The debug image exposes sensitive performance data through pprof endpoints. Do not use in production environments.
Enable pprof in Helm
Enable pprof in your Helm values:
debug:
pprof:
enabled: true # Uses the -debug tagged image
port: 6060 # Port for the pprof HTTP server
service:
enabled: true # Create a Service for port-forwarding
This switches the chart to the -debug image tag and configures the controller to serve pprof on the configured port.
Build the pprof Image
Use the dedicated Make targets when building or publishing the pprof-enabled image:
make build-debug-image RELEASE_VERSION=v0.9.0
make publish-debug-image RELEASE_VERSION=v0.9.0
If you deploy with image.ko=true or use ko apply directly, build with GOFLAGS="-tags=pprof" so the pprof handlers are compiled into the controller binary.
Collect a Profile
If you enabled the pprof Service, port-forward it locally:
kubectl -n kro-system port-forward service/<helm-release>-pprof 6060:6060
If you left the Service disabled, port-forward the controller Pod instead.

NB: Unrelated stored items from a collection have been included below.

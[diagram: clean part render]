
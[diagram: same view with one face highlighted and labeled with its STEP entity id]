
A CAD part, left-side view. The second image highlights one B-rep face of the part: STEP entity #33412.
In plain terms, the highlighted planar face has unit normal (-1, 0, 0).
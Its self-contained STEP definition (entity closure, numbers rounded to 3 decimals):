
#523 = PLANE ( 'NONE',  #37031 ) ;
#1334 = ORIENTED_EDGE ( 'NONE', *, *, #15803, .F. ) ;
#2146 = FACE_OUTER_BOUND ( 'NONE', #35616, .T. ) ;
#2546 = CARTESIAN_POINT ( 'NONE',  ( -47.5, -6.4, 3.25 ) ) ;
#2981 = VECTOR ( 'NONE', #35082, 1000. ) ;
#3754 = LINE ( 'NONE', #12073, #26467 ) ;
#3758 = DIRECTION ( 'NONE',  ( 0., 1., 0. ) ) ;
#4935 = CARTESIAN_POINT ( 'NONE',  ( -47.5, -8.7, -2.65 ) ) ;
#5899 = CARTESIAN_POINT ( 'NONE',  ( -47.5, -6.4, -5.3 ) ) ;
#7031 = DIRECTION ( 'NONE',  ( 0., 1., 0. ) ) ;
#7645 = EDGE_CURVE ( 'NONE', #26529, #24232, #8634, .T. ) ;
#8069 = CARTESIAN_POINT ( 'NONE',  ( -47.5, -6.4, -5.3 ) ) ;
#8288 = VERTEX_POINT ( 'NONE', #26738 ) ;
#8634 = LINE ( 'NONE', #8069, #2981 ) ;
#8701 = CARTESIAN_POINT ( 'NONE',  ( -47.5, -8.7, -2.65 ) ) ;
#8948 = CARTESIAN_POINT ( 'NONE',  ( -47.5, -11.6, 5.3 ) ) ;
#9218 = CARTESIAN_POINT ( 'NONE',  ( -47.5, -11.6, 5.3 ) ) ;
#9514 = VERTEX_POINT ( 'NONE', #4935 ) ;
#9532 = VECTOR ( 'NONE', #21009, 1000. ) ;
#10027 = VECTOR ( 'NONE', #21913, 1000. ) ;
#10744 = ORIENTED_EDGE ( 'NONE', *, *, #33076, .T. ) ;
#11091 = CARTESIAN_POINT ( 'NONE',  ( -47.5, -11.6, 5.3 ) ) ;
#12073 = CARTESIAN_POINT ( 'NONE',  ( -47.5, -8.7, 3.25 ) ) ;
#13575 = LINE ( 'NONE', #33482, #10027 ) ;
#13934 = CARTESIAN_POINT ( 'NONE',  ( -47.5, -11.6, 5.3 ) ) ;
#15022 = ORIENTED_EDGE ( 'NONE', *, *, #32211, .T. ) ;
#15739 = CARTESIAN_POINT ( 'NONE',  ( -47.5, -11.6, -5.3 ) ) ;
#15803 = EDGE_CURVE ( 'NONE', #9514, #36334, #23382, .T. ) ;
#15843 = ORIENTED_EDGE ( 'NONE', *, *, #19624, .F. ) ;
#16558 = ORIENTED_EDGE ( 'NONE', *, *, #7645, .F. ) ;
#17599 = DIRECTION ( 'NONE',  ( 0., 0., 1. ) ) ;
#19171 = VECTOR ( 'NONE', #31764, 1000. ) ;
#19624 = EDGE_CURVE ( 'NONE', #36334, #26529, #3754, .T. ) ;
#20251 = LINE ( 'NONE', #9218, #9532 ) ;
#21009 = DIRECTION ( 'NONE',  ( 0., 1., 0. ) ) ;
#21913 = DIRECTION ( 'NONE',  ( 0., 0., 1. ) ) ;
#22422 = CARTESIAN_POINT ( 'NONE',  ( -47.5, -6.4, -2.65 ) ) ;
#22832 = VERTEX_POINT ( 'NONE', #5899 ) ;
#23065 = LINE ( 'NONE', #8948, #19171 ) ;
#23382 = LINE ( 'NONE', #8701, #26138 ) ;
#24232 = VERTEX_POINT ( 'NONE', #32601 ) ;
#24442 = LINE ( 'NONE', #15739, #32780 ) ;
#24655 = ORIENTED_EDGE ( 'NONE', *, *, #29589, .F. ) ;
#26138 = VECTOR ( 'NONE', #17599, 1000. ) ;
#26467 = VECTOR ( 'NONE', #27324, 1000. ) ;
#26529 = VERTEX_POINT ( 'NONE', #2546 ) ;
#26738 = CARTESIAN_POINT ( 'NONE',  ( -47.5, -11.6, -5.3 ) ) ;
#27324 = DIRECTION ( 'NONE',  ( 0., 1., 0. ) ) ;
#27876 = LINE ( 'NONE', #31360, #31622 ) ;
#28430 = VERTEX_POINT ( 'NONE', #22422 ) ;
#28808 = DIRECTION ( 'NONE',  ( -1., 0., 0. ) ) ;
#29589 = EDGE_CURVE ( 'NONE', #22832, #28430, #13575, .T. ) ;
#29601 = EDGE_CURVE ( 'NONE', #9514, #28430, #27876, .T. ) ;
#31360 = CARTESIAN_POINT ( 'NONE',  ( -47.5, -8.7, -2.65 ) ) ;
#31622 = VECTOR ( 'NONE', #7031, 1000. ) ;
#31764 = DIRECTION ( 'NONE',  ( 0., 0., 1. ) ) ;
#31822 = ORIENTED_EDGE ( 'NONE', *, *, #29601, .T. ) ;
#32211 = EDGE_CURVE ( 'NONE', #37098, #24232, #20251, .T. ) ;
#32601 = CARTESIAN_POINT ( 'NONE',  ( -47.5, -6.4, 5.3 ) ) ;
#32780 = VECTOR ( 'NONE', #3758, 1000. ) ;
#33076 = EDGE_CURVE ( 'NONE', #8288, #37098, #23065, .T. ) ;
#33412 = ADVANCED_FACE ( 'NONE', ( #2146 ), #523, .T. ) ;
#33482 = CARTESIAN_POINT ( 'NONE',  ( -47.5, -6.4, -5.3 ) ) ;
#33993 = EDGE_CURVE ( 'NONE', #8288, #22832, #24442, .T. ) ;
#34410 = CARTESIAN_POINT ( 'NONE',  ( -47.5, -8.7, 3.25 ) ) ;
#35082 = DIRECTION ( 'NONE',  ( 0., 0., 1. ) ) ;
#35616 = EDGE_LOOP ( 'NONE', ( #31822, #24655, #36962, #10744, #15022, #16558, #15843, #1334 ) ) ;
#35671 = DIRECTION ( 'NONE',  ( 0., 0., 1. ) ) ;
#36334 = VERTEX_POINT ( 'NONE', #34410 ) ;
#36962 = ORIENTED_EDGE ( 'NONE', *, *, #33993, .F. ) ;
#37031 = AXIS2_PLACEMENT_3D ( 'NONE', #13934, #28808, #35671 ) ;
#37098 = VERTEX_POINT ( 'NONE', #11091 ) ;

Capture a CPU profile while reproducing the issue:
go tool pprof http://127.0.0.1:6060/debug/pprof/profile?seconds=30
Inspect heap growth when chasing memory pressure:
go tool pprof http://127.0.0.1:6060/debug/pprof/heap
Inside the pprof shell, start with top, top -cum, and list <function> to find the hottest code paths.
What to Look For
- High CPU time in reconciliation hot paths such as graph construction, CEL evaluation, or repeated object conversion.
- Large retained heap in informer caches, unstructured object copies, or repeated allocations inside reconcile loops.
- Excess time spent in Kubernetes client calls, which can indicate that
config.clientQpsandconfig.clientBurstare too low for the cluster size.